Graphcore brought its bigger systems out to play and was able to boost GPUs. (Source: Graphcore)

Systems Using A100 GPUs Have Increased More Than 5-fold In The Last 18 Months-Nvidia

Remember when computers were young? Remember how many of the things we take for granted today on our tablets and with our smartphones, were still clunky and algorithms were learning how to learn? Machine learning would take forever. Well back around 1965 a new term came into being and it involved transistors. It was called Moore’s Law.

Moore’s law is a term used to refer to the observation made by Gordon Moore in 1965 that the number of transistors in a dense integrated circuit (IC) doubles about every two years. Moore’s law isn’t really a law in the legal sense or even a proven theory in the scientific sense (such as E = mc2).

For several years computers followed Moore’s Law pretty closely. Their CPUs and the software of the time would essentially double every two years.

Then came AI into the equation and the numbers show that it’s blown Moore’s Law out of the water.

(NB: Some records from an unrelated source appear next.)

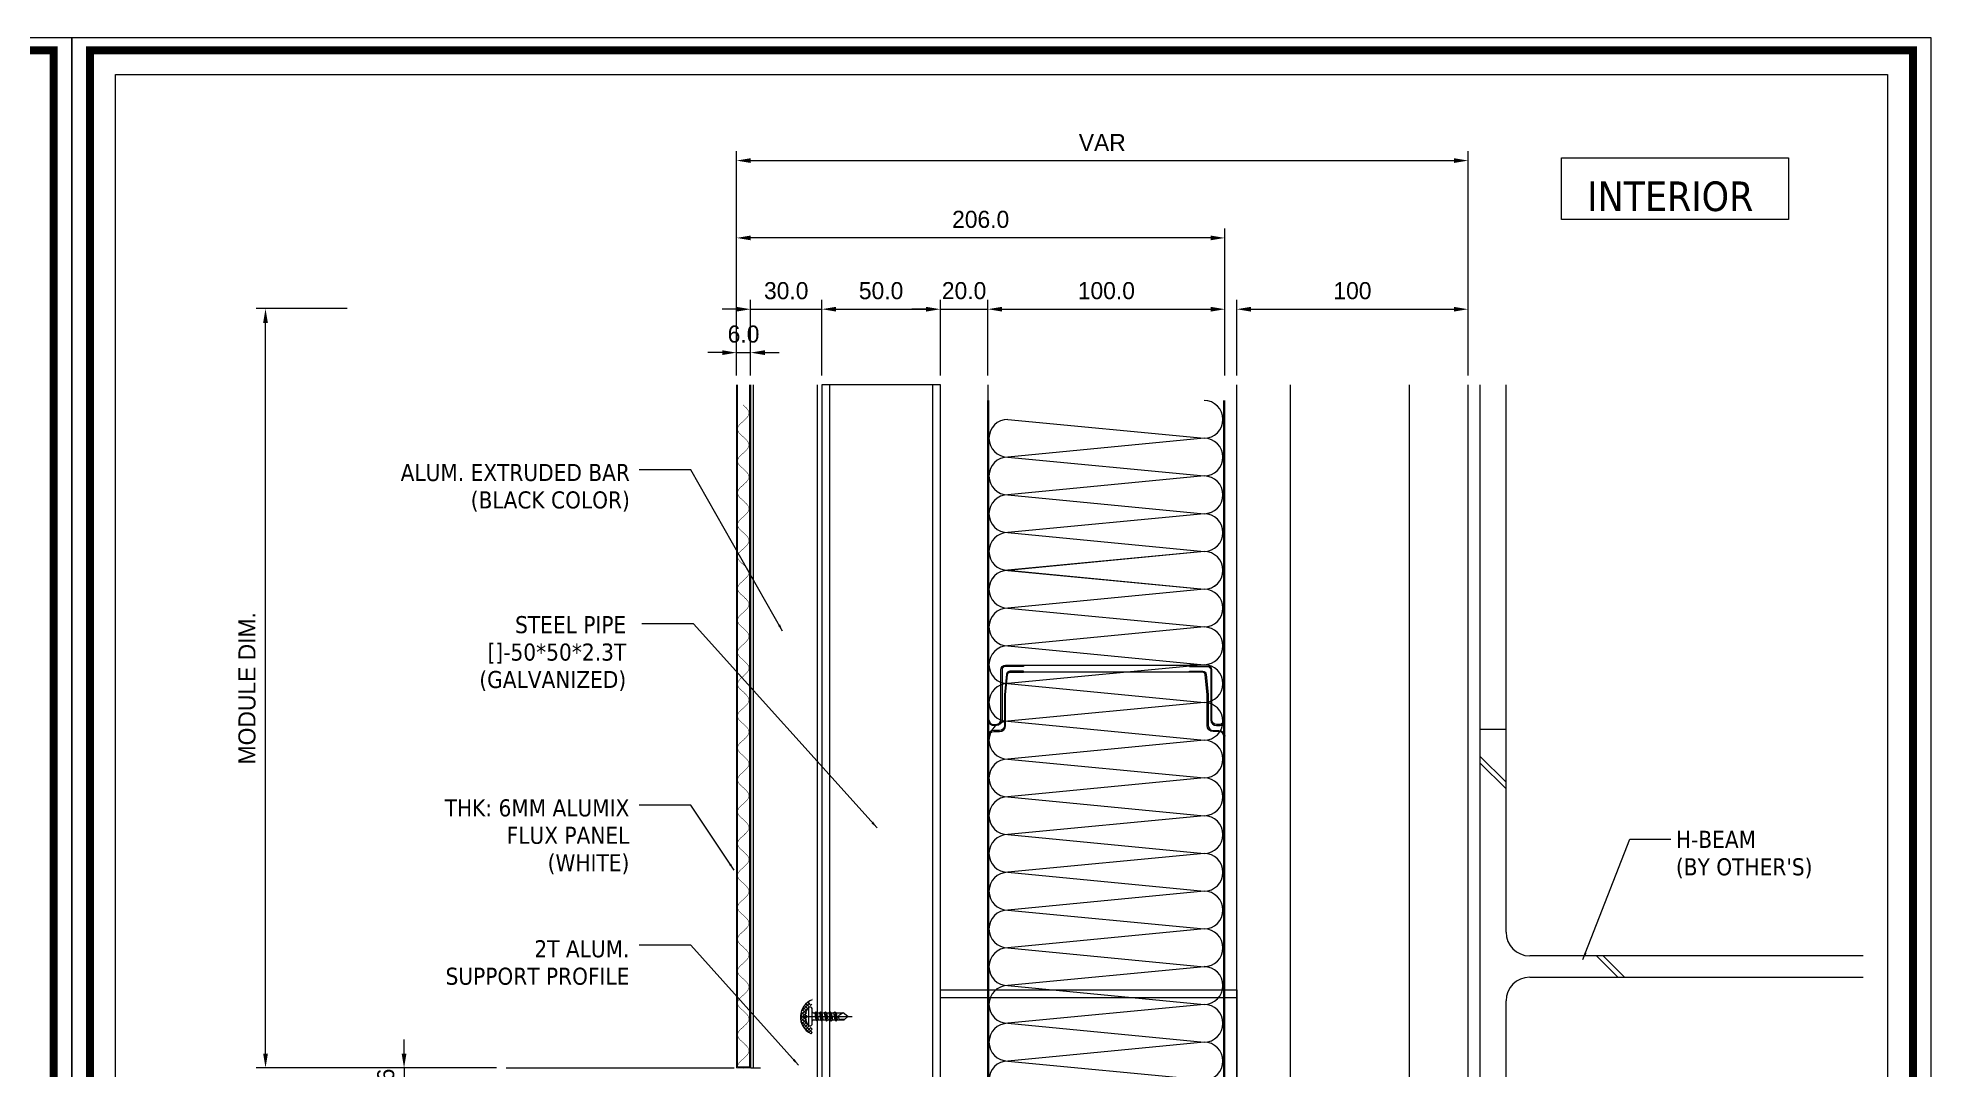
# Model space of a CAD drawing. Header units: millimetres. Extents: x 7297 to 60227, y -7497 to 19324.
# Drawn here: x 11745 to 12544, y 886 to 1321 of the extents above; entities that cross this region are included whole.
import ezdxf

# ---------------------------------------------------------------- set-up
doc = ezdxf.new("R2010")
doc.units = ezdxf.units.MM
doc.linetypes.add('HIDDEN', pattern=[0.375, 0.25, -0.125])
for name, color, linetype in [('NS_AL_MOLD', 7, 'Continuous'), ('NS_CAULKING', 8, 'Continuous'), ('NS_COL_D-GREY', 8, 'Continuous'), ('NS_COL_L-GREY', 8, 'Continuous'), ('NS_DIM', 1, 'Continuous'), ('NS_FORM', 7, 'Continuous'), ('NS_FRAME', 253, 'Continuous'), ('NS_INSUL', 8, 'Continuous'), ('NS_RIVET_SCREW', 1, 'Continuous'), ('NS_TEXT', 2, 'Continuous')]:
    doc.layers.add(name, color=color, linetype=linetype)
doc.layers.add('NS_AL_PANEL', color=32, linetype='Continuous', lineweight=9)
doc.styles.add('Expo M', font='Expo M.ttf')
doc.styles.add('HGTXT', font='romans.shx', dxfattribs={"bigfont": 'whgtxt.shx'})
doc.dimstyles.new('DS2', dxfattribs={"dimscale": 2, "dimtxt": 1.8, "dimasz": 1.5, "dimexe": 1, "dimexo": 1, "dimgap": 0.5, "dimtad": 1, "dimtoh": 1, "dimdec": 1, "dimzin": 1, "dimdsep": 46, "dimtxsty": 'Expo M', "dimcen": 2, "dimadec": 1, "dimazin": 0, "dimtfac": 1, "dimtdec": 4, "dimtix": 1, "dimtmove": 1, "dimatfit": 3, "dimfxl": 1, "dimtolj": 1, "dimtzin": 1, "dimarcsym": 0})
doc.dimstyles.new('N-SPACE', dxfattribs={"dimscale": 4, "dimtxt": 1.8, "dimasz": 1.5, "dimexe": 1, "dimexo": 1, "dimgap": 1, "dimtad": 1, "dimtoh": 1, "dimdec": 1, "dimzin": 1, "dimdsep": 46, "dimtxsty": 'Expo M', "dimcen": 2, "dimclrd": 1, "dimclre": 1, "dimclrt": 2, "dimadec": 1, "dimazin": 0, "dimtfac": 1, "dimtdec": 1, "dimtix": 1, "dimtmove": 1, "dimatfit": 3, "dimfxl": 1, "dimtolj": 1, "dimtzin": 1, "dimarcsym": 0})

# ---------------------------------------------------------------- blocks, each defined once
blk = doc.blocks.new('AL-TEMPLATE')
at = {"color": 8}
for p, q in [((2716.82, 1392.97), (2800.02, 1392.97)), ((2716.82, 1376.33), (2800.02, 1376.33)), ((2716.82, 1359.69), (2800.02, 1359.69)), ((2716.82, 1343.05), (2800.02, 1343.05)), ((2716.82, 1326.41), (2800.02, 1326.41)), ((2716.82, 1309.77), (2800.02, 1309.77)), ((2716.82, 1293.13), (2800.02, 1293.13)), ((2716.82, 1276.49), (2800.02, 1276.49)), ((2716.82, 1259.85), (2800.02, 1259.85)), ((2716.82, 1243.21), (2800.02, 1243.21)), ((2716.82, 1209.93), (2800.02, 1209.93)), ((2716.82, 1193.29), (2800.02, 1193.29)), ((2716.82, 1176.65), (2800.02, 1176.65)), ((2716.82, 1118.41), (2800.02, 1118.41)), ((2716.82, 1076.81), (2800.02, 1076.81)), ((2716.82, 1051.85), (2800.02, 1051.85))]:
    blk.add_line(p, q, dxfattribs=at)
at = {"color": 7, "ltscale": 2}
blk.add_lwpolyline([(1972.34, 1515.25), (1972.34, 921.25), (2812.34, 921.25), (2812.34, 1515.25)], close=True, dxfattribs=at)
at = {"color": 8}
for points, const_width in [([(1976.34, 1509.45), (2808.34, 1509.45), (2808.34, 927.05), (1976.34, 927.05)], 2.5), ([(2716.82, 1501.32), (2800.02, 1501.32), (2800.02, 1418.12), (2716.82, 1418.12)], 1.66), ([(2716.82, 1409.8), (2800.02, 1409.8), (2800.02, 1026.89), (2716.82, 1026.89)], 1.66)]:
    blk.add_lwpolyline(points, close=True, dxfattribs=dict(at, const_width=const_width))
at = {"color": 9}
blk.add_lwpolyline([(1984.07, 1501.32), (2709.08, 1501.32), (2709.08, 935.18), (1984.07, 935.18)], close=True, dxfattribs=at)
at = {"color": 8, "const_width": 1.66}
for points in [[(2716.82, 1226.57), (2800.02, 1226.57)], [(2716.82, 1160.01), (2800.02, 1160.01)]]:
    blk.add_lwpolyline(points, dxfattribs=at)
at = {"color": 146, "true_color": 0x105689, "insert": (2721.06, 1496.93), "char_height": 3.6698, "attachment_point": 1, "style": 'HGTXT'}
blk.add_mtext('{\\fExpo M|b0|i0|c129|p18;엔스페이스 (주)}', dxfattribs=at)
at = {"insert": (2720.94, 1489.17), "char_height": 2.3487, "attachment_point": 1, "style": 'HGTXT'}
blk.add_mtext('서울시 강남구 논현로 161길11 엔빌딩 4F\\PTEL 02 575-2077  FAX 02 575-2071', dxfattribs=at)
at = {"color": 8, "attachment_point": 1}
for s, insert, char_height, width in [('NOTE', (2720.76, 1404.73), 2.556, 438.9676), ('DESIGNED BYNOTE', (2719.01, 1224.39), 2.5559, 438.9676), ('DRAWN BYNOTE', (2719.56, 1209.04), 2.5559, 438.9676), ('CHECKED BYNOTE', (2719.56, 1192.25), 2.5559, 438.9676), ('APPROVED BYNOTE', (2720.1, 1175.04), 2.5559, 438.9676), ('DRAWING TITLE', (2720.1, 1158.4), 2.5559, 438.9675), ('SCALE', (2720.1, 1116.8), 2.556, 438.9675), ('{\\fﾱﾼﾸﾲ|b0|i0|c129|p49;DATE}', (2720.1, 1075.2), 2.5559, 438.9675), ('SHEET NO.', (2720.1, 1050.24), 2.556, 438.9675)]:
    blk.add_mtext(s, dxfattribs=dict(at, insert=insert, char_height=char_height, width=width))
blk = doc.blocks.new('*D580')
at = {"layer": 'NS_DIM', "color": 1, "lineweight": -2, "transparency": 16777216}
for p, q in [((12039.95, 1178.15), (12039.95, 1272.77)), ((12348.5, 1178.15), (12348.5, 1272.77)), ((12045.95, 1268.77), (12342.5, 1268.77))]:
    blk.add_line(p, q, dxfattribs=at)
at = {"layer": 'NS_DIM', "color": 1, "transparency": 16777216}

The gains to AI training performance since MLPerf benchmarks began “managed to dramatically outstrip Moore’s Law,” says David Kanter, executive director of the MLPerf parent organization MLCommons

The days and sometimes weeks it took to train AIs only a few years ago was a big reason behind the launch of billions of dollars worth of new computing startups over the last few years—including Cerebras Systems, Graphcore, Habana Labs, and SambaNova Systems. In addition, Google, Intel, Nvidia, and other established companies made their own similar amounts of internal investment (and sometimes acquisition).

With the newest edition of the MLPerf training benchmark results, there’s clear evidence that the money was well spent.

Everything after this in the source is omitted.